On the Calculations of the Exciton-Phonon Coupling Parameters in the Theory of Davydov Solitons
Davydov soliton (DS) theory2, 3 considers collective amide-1 vibrations (excitons) in the chains of the hydrogen-bonded peptide groups in the peptide α-helix and their coupling with longitudional deformations of the chains (acoustic phonons). The coupling leads to the H-bond length changes, thus resulting, under some conditions, in a self-trapping of the excitation. Due to the exciton-phonon coupling (EPC) the longitudional α-helix deformations affect the exciton Hamiltonian, changing the resonance parameters (which describe the hopping of the excitation between H-bonded peptide groups), and nonresonance (diagonal) parameters (which are the excitation energy of each peptide group).
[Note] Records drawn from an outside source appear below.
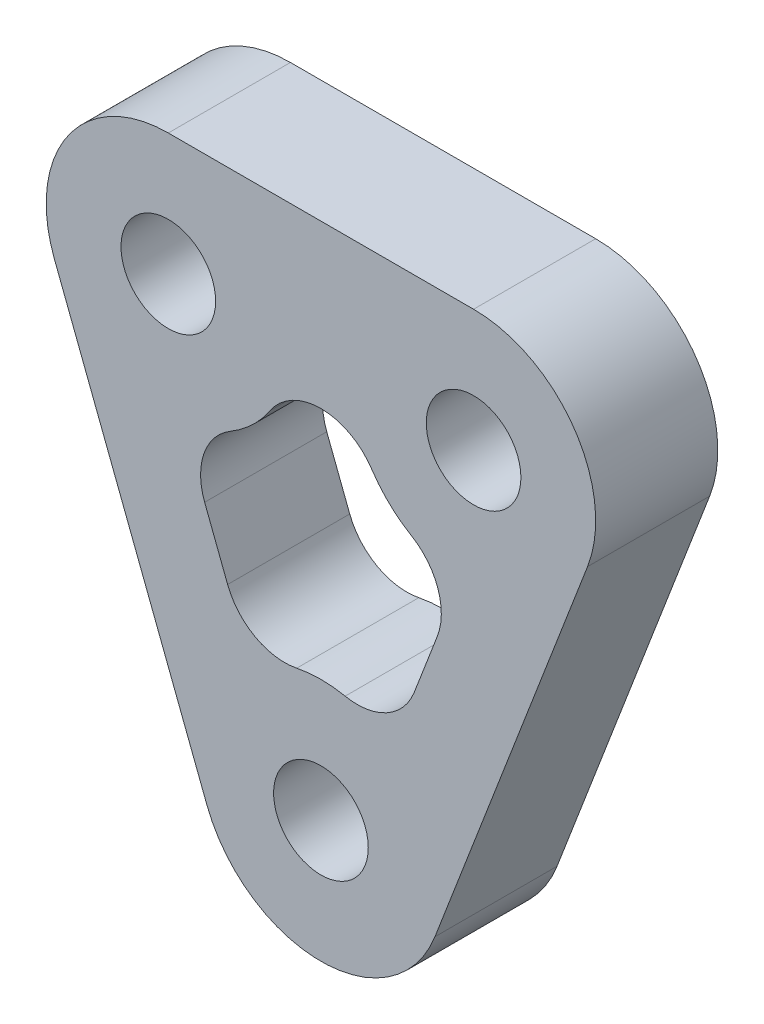
SolidWorks part; units mm, degrees
material "Thornel Mat VMA"
ref_plane "前视基准面" through (0, 0, 0) normal (0, 0, 1) x (1, 0, 0)
ref_plane "上视基准面" through (0, 0, 0) normal (0, 1, 0) x (1, 0, 0)
ref_plane "右视基准面" through (0, 0, 0) normal (1, 0, 0) x (0, 0, -1)
sketch "草图1" plane through (0, 0, 0) normal (0, 0, 1) x (1, 0, 0)
  line L0 (0, 0) -> (0, 16124.8174) construction
  line L1 (-8.7334, 11.5641) -> (-3.7334, -1.4359)
  line L2 (-5, 17) -> (5, 17)
  line L3 (8.7334, 11.5641) -> (3.7334, -1.4359)
  line L4 (-4.543, 9.0262) -> (-2.3237, 3.2559)
  line L5 (-1, 13) -> (1, 13)
  line L6 (4.543, 9.0262) -> (2.3237, 3.2559)
  circle A0 centre (0, 0) radius 1.55
  circle A1 centre (-5, 13) radius 1.55
  circle A2 centre (-5, 13) radius 4
  circle A3 centre (0, 0) radius 4
  circle A4 centre (5, 13) radius 4
  circle A5 centre (5, 13) radius 1.55
  point P17 (0, 17)
  dimension "D3" = 3.1
  dimension "D4" = 8
  dimension "D5" = 8
  dimension "D1" = 10
  dimension "D2" = 13
  dimension "D6" = 3
extrude "凸台-拉伸1" add sketch "草图1" along normal blind 4 contours A3 L4 A2 L1 | L3 A4 L6 A3 | A4 A5 | A2 A1 | L5 L0 L2 A2 | L0 L5 A4 L2 | A3 L0 A0 | L0 A3 A0 region at (1.1855, 3.7017, 0) region at (-1.1437, 15.5111, 0) region at (1.1437, 15.5111, 0) region at (4.9972, 5.5395, 0) region at (-4.9972, 5.5395, 0) region at (-2.0988, 10.4133, 0) region at (2.2516, 15.7484, 0)
fillet "圆角1" radius 2 6 edges at (-4.543, 9.0262, 2) (-2.3237, 3.2559, 2) (2.3237, 3.2559, 2) (4.543, 9.0262, 2) (1, 13, 2) (-1, 13, 2)
fillet "圆角2" radius 2 1 edges at (0, 12.8891, 2)

Accordingly, the EPC can be characterized by three parameters: the “resonance” parameter χres defined as the derivative of the hopping integral with the respect to the corresponding H-bond length and two “nonresonance” parameters, χ′ and χ″, which are the derivatives of the amide-1 excitation energy E in the peptide group with the respect to its distances to the “right” and “left” groups in the chain. In other words, χ′ and χ” present the extra forces with which some peptide group acts, when excited, upon its right and left neighbours in the chain.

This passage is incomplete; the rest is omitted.